**RECORDS FOR THIS TASK**.

Start of Block

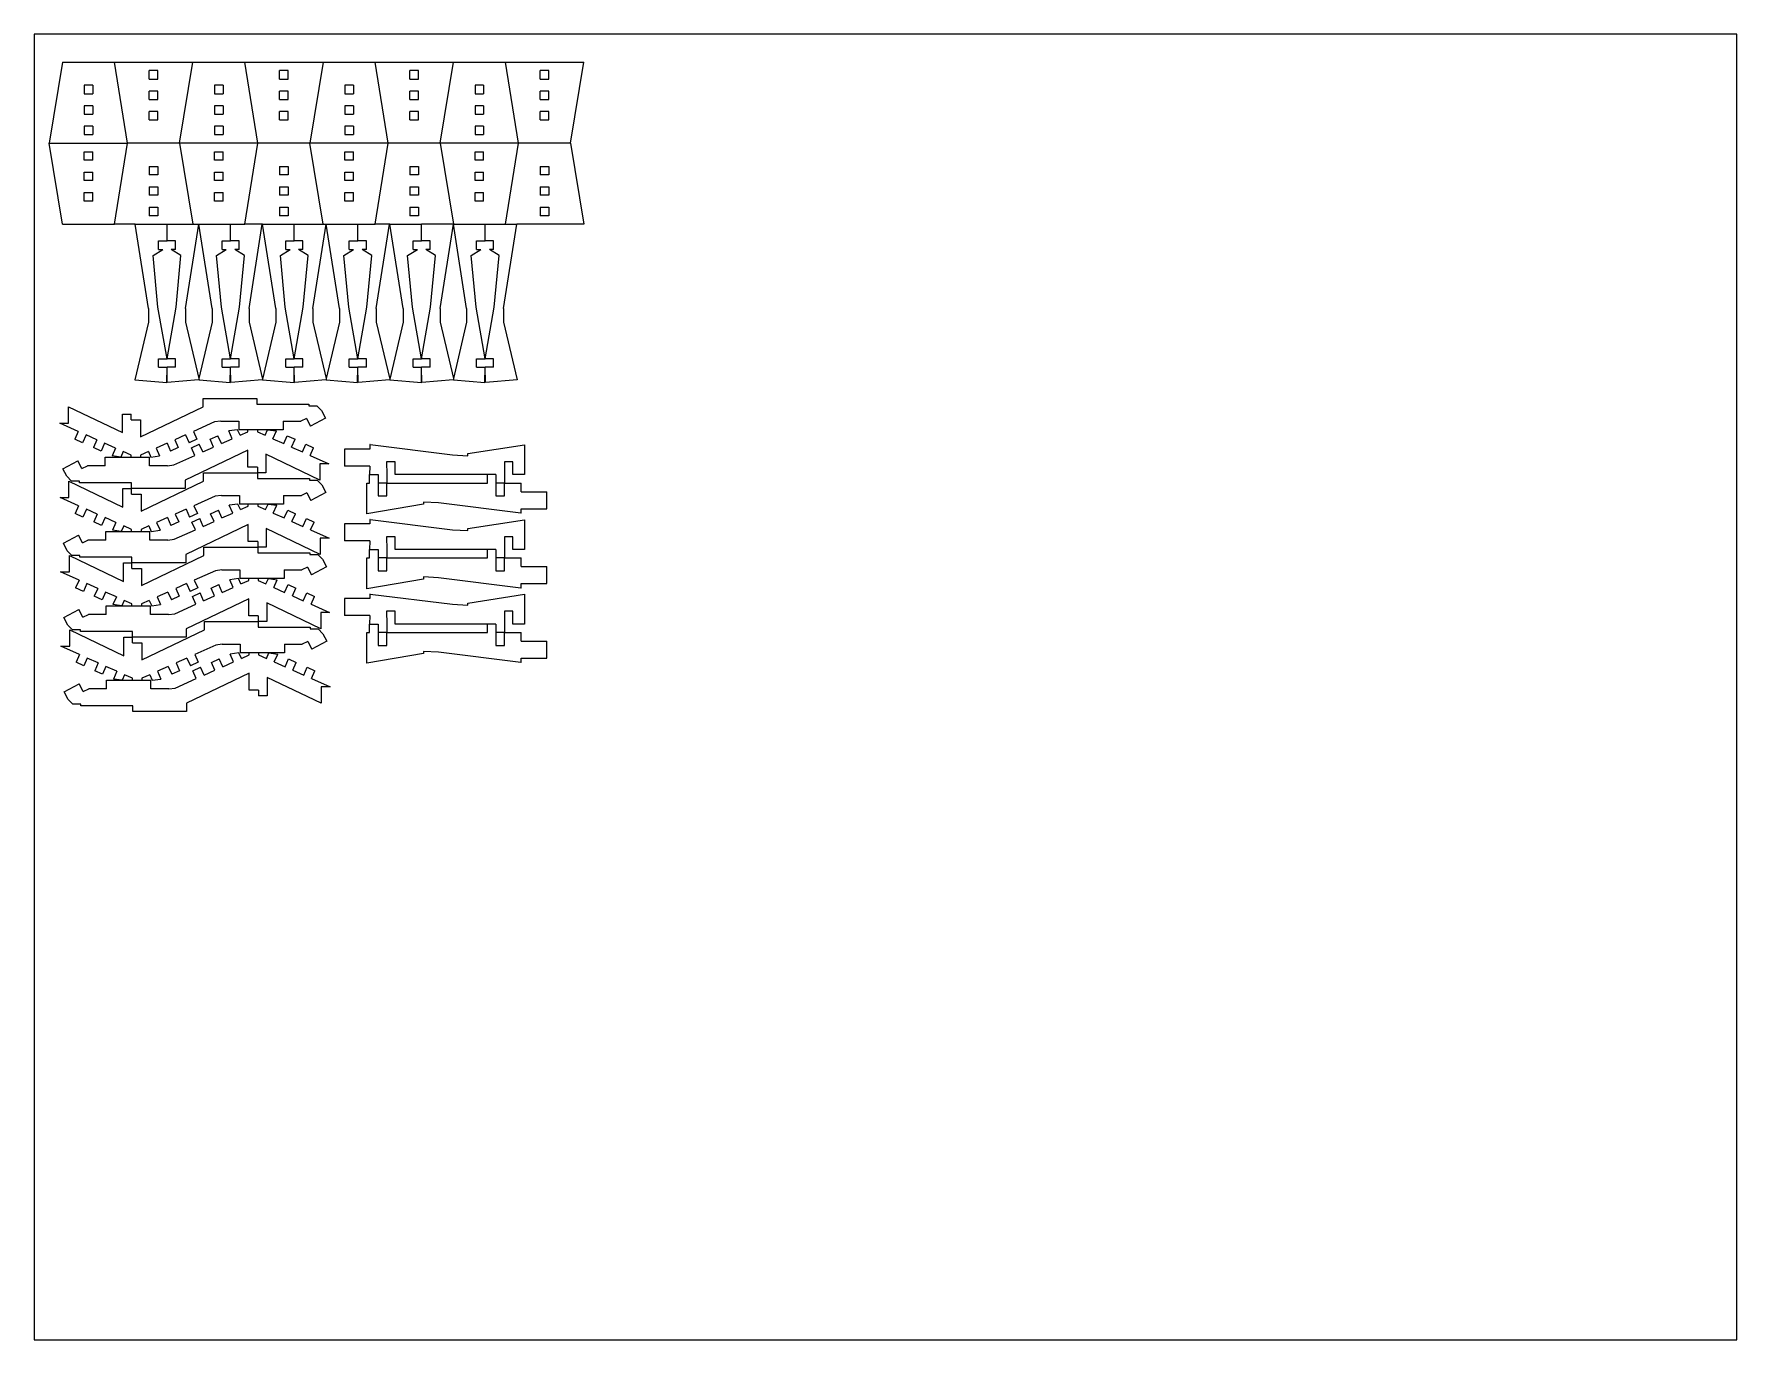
# Model space of a CAD drawing. Extents: x -622 to 622, y -231 to 231.
# Drawn here: x 22 to 622, y -231 to 229 of the extents above; entities that cross this region are included whole.
import ezdxf

# ---------------------------------------------------------------- set-up
doc = ezdxf.new("R2010")
doc.units = 0
doc.header["$MEASUREMENT"] = 0
doc.layers.get('0').update_dxf_attribs({"linetype": 'CONTINUOUS'})

msp = doc.modelspace()

# ---------------------------------------------------------------- linework, layer by layer
for p, q in [((21.98, 228.51), (21.98, -231.49)), ((621.98, 228.51), (21.98, 228.51)), ((621.98, -231.49), (621.98, 228.51)), ((31.95, 218.65), (27.36, 190.08)), ((31.95, 218.65), (50.32, 218.65)), ((54.91, 190.08), (50.32, 218.65)), ((50.32, 218.65), (77.87, 218.65)), ((73.28, 190.08), (77.87, 218.65)), ((77.87, 218.65), (96.24, 218.65)), ((100.83, 190.08), (96.24, 218.65)), ((96.24, 218.65), (123.8, 218.65)), ((123.8, 218.65), (119.2, 190.08)), ((123.8, 218.65), (142.16, 218.65)), ((146.76, 190.08), (142.16, 218.65)), ((142.16, 218.65), (169.72, 218.65)), ((165.12, 190.08), (169.72, 218.65)), ((169.72, 218.65), (188.09, 218.65)), ((192.68, 190.08), (188.09, 218.65)), ((188.09, 218.65), (215.64, 218.65)), ((211.05, 190.08), (215.64, 218.65)), ((39.64, 210.48), (39.64, 207.48)), ((42.64, 210.48), (39.64, 210.48)), ((42.64, 210.48), (42.64, 207.48)), ((62.6, 212.65), (62.6, 215.65)), ((65.6, 215.65), (62.6, 215.65)), ((62.6, 212.65), (65.6, 212.65)), ((65.6, 212.65), (65.6, 215.65)), ((85.56, 210.48), (85.56, 207.48)), ((88.56, 210.48), (85.56, 210.48)), ((88.56, 210.48), (88.56, 207.48)), ((108.52, 212.65), (108.52, 215.65)), ((111.52, 215.65), (108.52, 215.65)), ((108.52, 212.65), (111.52, 212.65)), ((111.52, 212.65), (111.52, 215.65)), ((131.48, 210.48), (131.48, 207.48)), ((134.48, 210.48), (131.48, 210.48)), ((134.48, 210.48), (134.48, 207.48)), ((154.44, 212.65), (154.44, 215.65)), ((157.44, 215.65), (154.44, 215.65)), ((154.44, 212.65), (157.44, 212.65)), ((157.44, 212.65), (157.44, 215.65)), ((177.4, 210.48), (177.4, 207.48)), ((180.4, 210.48), (177.4, 210.48)), ((180.4, 210.48), (180.4, 207.48)), ((200.36, 212.65), (200.36, 215.65)), ((203.36, 215.65), (200.36, 215.65)), ((200.36, 212.65), (203.36, 212.65)), ((203.36, 212.65), (203.36, 215.65)), ((39.64, 207.48), (42.64, 207.48)), ((62.6, 205.45), (62.6, 208.45)), ((65.6, 208.45), (62.6, 208.45)), ((62.6, 205.45), (65.6, 205.45)), ((65.6, 205.45), (65.6, 208.45)), ((85.56, 207.48), (88.56, 207.48)), ((108.52, 205.45), (108.52, 208.45)), ((111.52, 208.45), (108.52, 208.45)), ((108.52, 205.45), (111.52, 205.45)), ((111.52, 205.45), (111.52, 208.45)), ((131.48, 207.48), (134.48, 207.48)), ((154.44, 205.45), (154.44, 208.45)), ((157.44, 208.45), (154.44, 208.45)), ((154.44, 205.45), (157.44, 205.45)), ((157.44, 205.45), (157.44, 208.45)), ((177.4, 207.48), (180.4, 207.48)), ((200.36, 205.45), (200.36, 208.45)), ((203.36, 208.45), (200.36, 208.45)), ((200.36, 205.45), (203.36, 205.45)), ((203.36, 205.45), (203.36, 208.45)), ((39.64, 203.28), (39.64, 200.28)), ((42.64, 203.28), (39.64, 203.28)), ((39.64, 200.28), (42.64, 200.28)), ((42.64, 203.28), (42.64, 200.28)), ((65.6, 201.25), (62.6, 201.25)), ((62.6, 198.25), (62.6, 201.25)), ((62.6, 198.25), (65.6, 198.25)), ((65.6, 198.25), (65.6, 201.25)), ((85.56, 203.28), (85.56, 200.28)), ((88.56, 203.28), (85.56, 203.28)), ((85.56, 200.28), (88.56, 200.28)), ((88.56, 203.28), (88.56, 200.28)), ((111.52, 201.25), (108.52, 201.25)), ((108.52, 198.25), (108.52, 201.25)), ((108.52, 198.25), (111.52, 198.25)), ((111.52, 198.25), (111.52, 201.25)), ((131.48, 203.28), (131.48, 200.28)), ((134.48, 203.28), (131.48, 203.28)), ((131.48, 200.28), (134.48, 200.28)), ((134.48, 203.28), (134.48, 200.28)), ((157.44, 201.25), (154.44, 201.25)), ((154.44, 198.25), (154.44, 201.25)), ((154.44, 198.25), (157.44, 198.25)), ((157.44, 198.25), (157.44, 201.25)), ((177.4, 203.28), (177.4, 200.28)), ((180.4, 203.28), (177.4, 203.28)), ((177.4, 200.28), (180.4, 200.28)), ((180.4, 203.28), (180.4, 200.28)), ((203.36, 201.25), (200.36, 201.25)), ((200.36, 198.25), (200.36, 201.25)), ((200.36, 198.25), (203.36, 198.25)), ((203.36, 198.25), (203.36, 201.25)), ((39.64, 196.08), (39.64, 193.08)), ((42.64, 196.08), (39.64, 196.08)), ((39.64, 193.08), (42.64, 193.08)), ((42.64, 196.08), (42.64, 193.08)), ((85.56, 196.08), (85.56, 193.08)), ((88.56, 196.08), (85.56, 196.08)), ((85.56, 193.08), (88.56, 193.08)), ((88.56, 196.08), (88.56, 193.08)), ((131.48, 196.08), (131.48, 193.08)), ((134.48, 196.08), (131.48, 196.08)), ((131.48, 193.08), (134.48, 193.08)), ((134.48, 196.08), (134.48, 193.08)), ((177.4, 196.08), (177.4, 193.08)), ((180.4, 196.08), (177.4, 196.08)), ((177.4, 193.08), (180.4, 193.08)), ((180.4, 196.08), (180.4, 193.08)), ((31.95, 161.51), (27.36, 190.08)), ((27.36, 190.08), (54.91, 190.08)), ((39.64, 184.08), (39.64, 187.08)), ((39.64, 187.08), (42.64, 187.08)), ((42.64, 184.08), (42.64, 187.08)), ((50.32, 161.51), (54.91, 190.08)), ((73.28, 190.08), (54.91, 190.08)), ((73.28, 190.08), (77.87, 161.51)), ((100.83, 190.08), (73.28, 190.08)), ((85.56, 184.08), (85.56, 187.08)), ((85.56, 187.08), (88.56, 187.08)), ((88.56, 184.08), (88.56, 187.08)), ((96.24, 161.51), (100.83, 190.08)), ((119.2, 190.08), (100.83, 190.08)), ((123.8, 161.51), (119.2, 190.08)), ((146.76, 190.08), (119.2, 190.08)), ((131.48, 184.08), (131.48, 187.08)), ((131.48, 187.08), (134.48, 187.08)), ((134.48, 184.08), (134.48, 187.08)), ((142.16, 161.51), (146.76, 190.08)), ((165.12, 190.08), (146.76, 190.08)), ((165.12, 190.08), (169.72, 161.51)), ((192.68, 190.08), (165.12, 190.08)), ((177.4, 184.08), (177.4, 187.08)), ((177.4, 187.08), (180.4, 187.08)), ((180.4, 184.08), (180.4, 187.08)), ((188.09, 161.51), (192.68, 190.08)), ((211.05, 190.08), (192.68, 190.08)), ((211.05, 190.08), (215.64, 161.51)), ((42.64, 184.08), (39.64, 184.08)), ((62.6, 181.91), (62.6, 178.91)), ((62.6, 181.91), (65.6, 181.91)), ((65.6, 181.91), (65.6, 178.91)), ((88.56, 184.08), (85.56, 184.08)), ((108.52, 181.91), (108.52, 178.91)), ((108.52, 181.91), (111.52, 181.91)), ((111.52, 181.91), (111.52, 178.91)), ((134.48, 184.08), (131.48, 184.08)), ((154.44, 181.91), (154.44, 178.91)), ((154.44, 181.91), (157.44, 181.91)), ((157.44, 181.91), (157.44, 178.91)), ((180.4, 184.08), (177.4, 184.08)), ((200.36, 181.91), (200.36, 178.91)), ((200.36, 181.91), (203.36, 181.91)), ((203.36, 181.91), (203.36, 178.91)), ((39.64, 176.88), (39.64, 179.88)), ((39.64, 179.88), (42.64, 179.88)), ((42.64, 176.88), (39.64, 176.88)), ((42.64, 176.88), (42.64, 179.88)), ((65.6, 178.91), (62.6, 178.91)), ((62.6, 174.71), (62.6, 171.71)), ((62.6, 174.71), (65.6, 174.71)), ((65.6, 174.71), (65.6, 171.71)), ((85.56, 176.88), (85.56, 179.88)), ((85.56, 179.88), (88.56, 179.88)), ((88.56, 176.88), (85.56, 176.88)), ((88.56, 176.88), (88.56, 179.88)), ((111.52, 178.91), (108.52, 178.91)), ((108.52, 174.71), (108.52, 171.71)), ((108.52, 174.71), (111.52, 174.71)), ((111.52, 174.71), (111.52, 171.71)), ((131.48, 176.88), (131.48, 179.88)), ((131.48, 179.88), (134.48, 179.88)), ((134.48, 176.88), (131.48, 176.88)), ((134.48, 176.88), (134.48, 179.88)), ((157.44, 178.91), (154.44, 178.91)), ((154.44, 174.71), (154.44, 171.71)), ((154.44, 174.71), (157.44, 174.71)), ((157.44, 174.71), (157.44, 171.71)), ((177.4, 176.88), (177.4, 179.88)), ((177.4, 179.88), (180.4, 179.88)), ((180.4, 176.88), (177.4, 176.88)), ((180.4, 176.88), (180.4, 179.88)), ((203.36, 178.91), (200.36, 178.91)), ((200.36, 174.71), (200.36, 171.71)), ((200.36, 174.71), (203.36, 174.71)), ((203.36, 174.71), (203.36, 171.71)), ((39.64, 172.68), (42.64, 172.68)), ((39.64, 169.68), (39.64, 172.68)), ((42.64, 169.68), (39.64, 169.68)), ((42.64, 169.68), (42.64, 172.68)), ((65.6, 171.71), (62.6, 171.71)), ((85.56, 172.68), (88.56, 172.68)), ((85.56, 169.68), (85.56, 172.68)), ((88.56, 169.68), (85.56, 169.68)), ((88.56, 169.68), (88.56, 172.68)), ((111.52, 171.71), (108.52, 171.71)), ((131.48, 172.68), (134.48, 172.68)), ((131.48, 169.68), (131.48, 172.68)), ((134.48, 169.68), (131.48, 169.68)), ((134.48, 169.68), (134.48, 172.68)), ((157.44, 171.71), (154.44, 171.71)), ((177.4, 172.68), (180.4, 172.68)), ((177.4, 169.68), (177.4, 172.68)), ((180.4, 169.68), (177.4, 169.68)), ((180.4, 169.68), (180.4, 172.68)), ((203.36, 171.71), (200.36, 171.71)), ((62.6, 167.51), (62.6, 164.51)), ((62.6, 167.51), (65.6, 167.51)), ((65.6, 164.51), (62.6, 164.51)), ((65.6, 167.51), (65.6, 164.51)), ((108.52, 167.51), (108.52, 164.51)), ((108.52, 167.51), (111.52, 167.51)), ((111.52, 164.51), (108.52, 164.51)), ((111.52, 167.51), (111.52, 164.51)), ((154.44, 167.51), (154.44, 164.51)), ((154.44, 167.51), (157.44, 167.51)), ((157.44, 164.51), (154.44, 164.51)), ((157.44, 167.51), (157.44, 164.51)), ((200.36, 167.51), (200.36, 164.51)), ((200.36, 167.51), (203.36, 167.51)), ((203.36, 164.51), (200.36, 164.51)), ((203.36, 167.51), (203.36, 164.51)), ((31.95, 161.51), (50.32, 161.51)), ((57.64, 161.51), (50.32, 161.51)), ((62.32, 131.88), (57.64, 161.51)), ((57.64, 161.51), (68.83, 161.51)), ((68.83, 155.62), (68.83, 161.51)), ((68.83, 161.51), (77.87, 161.51)), ((75.34, 131.88), (80.02, 161.51)), ((77.87, 161.51), (80.02, 161.51)), ((84.7, 131.88), (80.02, 161.51)), ((80.02, 161.51), (91.21, 161.51)), ((91.21, 155.62), (91.21, 161.51)), ((91.21, 161.51), (96.24, 161.51)), ((102.4, 161.51), (96.24, 161.51)), ((97.72, 131.88), (102.4, 161.51)), ((102.49, 161.51), (102.4, 161.51)), ((107.17, 131.88), (102.49, 161.51)), ((102.49, 161.51), (113.68, 161.51)), ((113.68, 161.51), (123.8, 161.51)), ((113.68, 155.62), (113.68, 161.51)), ((120.19, 131.88), (124.87, 161.51)), ((123.8, 161.51), (124.87, 161.51)), ((129.55, 131.88), (124.87, 161.51)), ((124.87, 161.51), (136.06, 161.51)), ((136.06, 155.62), (136.06, 161.51)), ((136.06, 161.51), (142.16, 161.51)), ((147.25, 161.51), (142.16, 161.51)), ((142.57, 131.88), (147.25, 161.51)), ((147.34, 161.51), (147.25, 161.51)), ((152.02, 131.88), (147.34, 161.51)), ((147.34, 161.51), (158.53, 161.51)), ((169.72, 161.51), (158.53, 161.51)), ((158.53, 155.62), (158.53, 161.51)), ((165.04, 131.88), (169.72, 161.51)), ((169.72, 161.51), (180.91, 161.51)), ((174.4, 131.88), (169.72, 161.51)), ((180.91, 155.62), (180.91, 161.51)), ((180.91, 161.51), (188.09, 161.51)), ((187.42, 131.88), (192.1, 161.51)), ((188.09, 161.51), (192.1, 161.51)), ((215.64, 161.51), (192.1, 161.51)), ((63.93, 150.52), (67.33, 152.62)), ((65.65, 132.35), (63.93, 150.52)), ((65.83, 155.62), (68.83, 155.62)), ((65.83, 152.62), (65.83, 155.62)), ((65.83, 152.62), (67.33, 152.62)), ((71.83, 155.62), (68.83, 155.62)), ((71.83, 152.62), (70.33, 152.62)), ((73.74, 150.52), (70.33, 152.62)), ((71.83, 152.62), (71.83, 155.62)), ((72.01, 132.35), (73.74, 150.52)), ((86.3, 150.52), (89.71, 152.62)), ((88.03, 132.35), (86.3, 150.52)), ((88.21, 152.62), (88.21, 155.62)), ((88.21, 155.62), (91.21, 155.62)), ((88.21, 152.62), (89.71, 152.62)), ((94.21, 155.62), (91.21, 155.62)), ((94.21, 152.62), (92.71, 152.62)), ((96.12, 150.52), (92.71, 152.62)), ((94.21, 152.62), (94.21, 155.62)), ((94.39, 132.35), (96.12, 150.52)), ((108.77, 150.52), (112.18, 152.62)), ((110.5, 132.35), (108.77, 150.52)), ((110.68, 152.62), (110.68, 155.62)), ((110.68, 155.62), (113.68, 155.62)), ((110.68, 152.62), (112.18, 152.62)), ((116.68, 155.62), (113.68, 155.62)), ((116.68, 152.62), (115.18, 152.62)), ((118.59, 150.52), (115.18, 152.62)), ((116.68, 152.62), (116.68, 155.62)), ((116.86, 132.35), (118.59, 150.52)), ((131.15, 150.52), (134.56, 152.62)), ((132.88, 132.35), (131.15, 150.52)), ((133.06, 152.62), (133.06, 155.62)), ((133.06, 155.62), (136.06, 155.62)), ((133.06, 152.62), (134.56, 152.62)), ((139.06, 155.62), (136.06, 155.62)), ((139.06, 152.62), (137.56, 152.62)), ((140.96, 150.52), (137.56, 152.62)), ((139.06, 152.62), (139.06, 155.62)), ((139.24, 132.35), (140.96, 150.52)), ((153.62, 150.52), (157.03, 152.62)), ((155.35, 132.35), (153.62, 150.52)), ((155.53, 155.62), (158.53, 155.62)), ((155.53, 152.62), (155.53, 155.62)), ((155.53, 152.62), (157.03, 152.62)), ((161.53, 155.62), (158.53, 155.62)), ((163.43, 150.52), (160.03, 152.62)), ((161.53, 152.62), (160.03, 152.62)), ((161.53, 152.62), (161.53, 155.62)), ((161.71, 132.35), (163.43, 150.52)), ((176, 150.52), (179.41, 152.62)), ((177.73, 132.35), (176, 150.52)), ((177.91, 152.62), (177.91, 155.62)), ((177.91, 155.62), (180.91, 155.62)), ((177.91, 152.62), (179.41, 152.62)), ((183.91, 155.62), (180.91, 155.62)), ((183.91, 152.62), (182.41, 152.62)), ((185.81, 150.52), (182.41, 152.62)), ((183.91, 152.62), (183.91, 155.62)), ((184.09, 132.35), (185.81, 150.52)), ((68.83, 114.14), (65.65, 132.35)), ((68.83, 114.14), (72.01, 132.35)), ((91.21, 114.14), (88.03, 132.35)), ((91.21, 114.14), (94.39, 132.35)), ((113.68, 114.14), (110.5, 132.35)), ((113.68, 114.14), (116.86, 132.35)), ((136.06, 114.14), (132.88, 132.35)), ((136.06, 114.14), (139.24, 132.35)), ((158.53, 114.14), (155.35, 132.35)), ((158.53, 114.14), (161.71, 132.35)), ((180.91, 114.14), (177.73, 132.35)), ((180.91, 114.14), (184.09, 132.35)), ((62.32, 126.99), (57.55, 106.75)), ((62.32, 131.88), (62.32, 126.99)), ((75.34, 131.88), (75.34, 126.99)), ((75.34, 126.99), (80.02, 107.13)), ((84.7, 126.99), (80.02, 107.13)), ((84.7, 131.88), (84.7, 126.99)), ((97.72, 131.88), (97.72, 126.99)), ((97.72, 126.99), (102.44, 106.94)), ((107.17, 126.99), (102.44, 106.94)), ((107.17, 131.88), (107.17, 126.99)), ((120.19, 131.88), (120.19, 126.99)), ((120.19, 126.99), (124.87, 107.13)), ((129.55, 126.99), (124.87, 107.13)), ((129.55, 131.88), (129.55, 126.99)), ((142.57, 131.88), (142.57, 126.99)), ((142.57, 126.99), (147.29, 106.94)), ((152.02, 126.99), (147.29, 106.94)), ((152.02, 131.88), (152.02, 126.99)), ((165.04, 131.88), (165.04, 126.99)), ((165.04, 126.99), (169.72, 107.13)), ((174.4, 126.99), (169.72, 107.13)), ((174.4, 131.88), (174.4, 126.99)), ((187.42, 131.88), (187.42, 126.99)), ((187.42, 126.99), (192.19, 106.75)), ((65.83, 111.14), (65.83, 114.14)), ((65.83, 114.14), (68.83, 114.14)), ((71.83, 114.14), (68.83, 114.14)), ((71.83, 111.14), (71.83, 114.14)), ((88.21, 111.14), (88.21, 114.14)), ((88.21, 114.14), (91.21, 114.14)), ((94.21, 114.14), (91.21, 114.14)), ((94.21, 111.14), (94.21, 114.14)), ((110.68, 114.14), (113.68, 114.14)), ((110.68, 111.14), (110.68, 114.14)), ((116.68, 114.14), (113.68, 114.14)), ((116.68, 111.14), (116.68, 114.14)), ((133.06, 111.14), (133.06, 114.14)), ((133.06, 114.14), (136.06, 114.14)), ((139.06, 114.14), (136.06, 114.14)), ((139.06, 111.14), (139.06, 114.14)), ((155.53, 114.14), (158.53, 114.14)), ((155.53, 111.14), (155.53, 114.14)), ((161.53, 114.14), (158.53, 114.14)), ((161.53, 111.14), (161.53, 114.14)), ((177.91, 114.14), (180.91, 114.14)), ((177.91, 111.14), (177.91, 114.14)), ((183.91, 114.14), (180.91, 114.14)), ((183.91, 111.14), (183.91, 114.14)), ((65.83, 111.14), (68.83, 111.14)), ((68.75, 105.75), (68.83, 111.14)), ((71.83, 111.14), (68.83, 111.14)), ((68.91, 105.75), (68.83, 111.14)), ((88.21, 111.14), (91.21, 111.14)), ((91.13, 105.75), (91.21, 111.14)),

End of Block

**ACTIVITY**.
Give the lines exactly, from the first line of the entries to the line with "layer by layer", both ends included. Skip the pictures.

**RESPONSE FOR THIS EXERCISE**.
# Model space of a CAD drawing. Extents: x -622 to 622, y -231 to 231.
# Drawn here: x 22 to 622, y -231 to 229 of the extents above; entities that cross this region are included whole.
import ezdxf

# ---------------------------------------------------------------- set-up
doc = ezdxf.new("R2010")
doc.units = 0
doc.header["$MEASUREMENT"] = 0
doc.layers.get('0').update_dxf_attribs({"linetype": 'CONTINUOUS'})

msp = doc.modelspace()

# ---------------------------------------------------------------- linework, layer by layer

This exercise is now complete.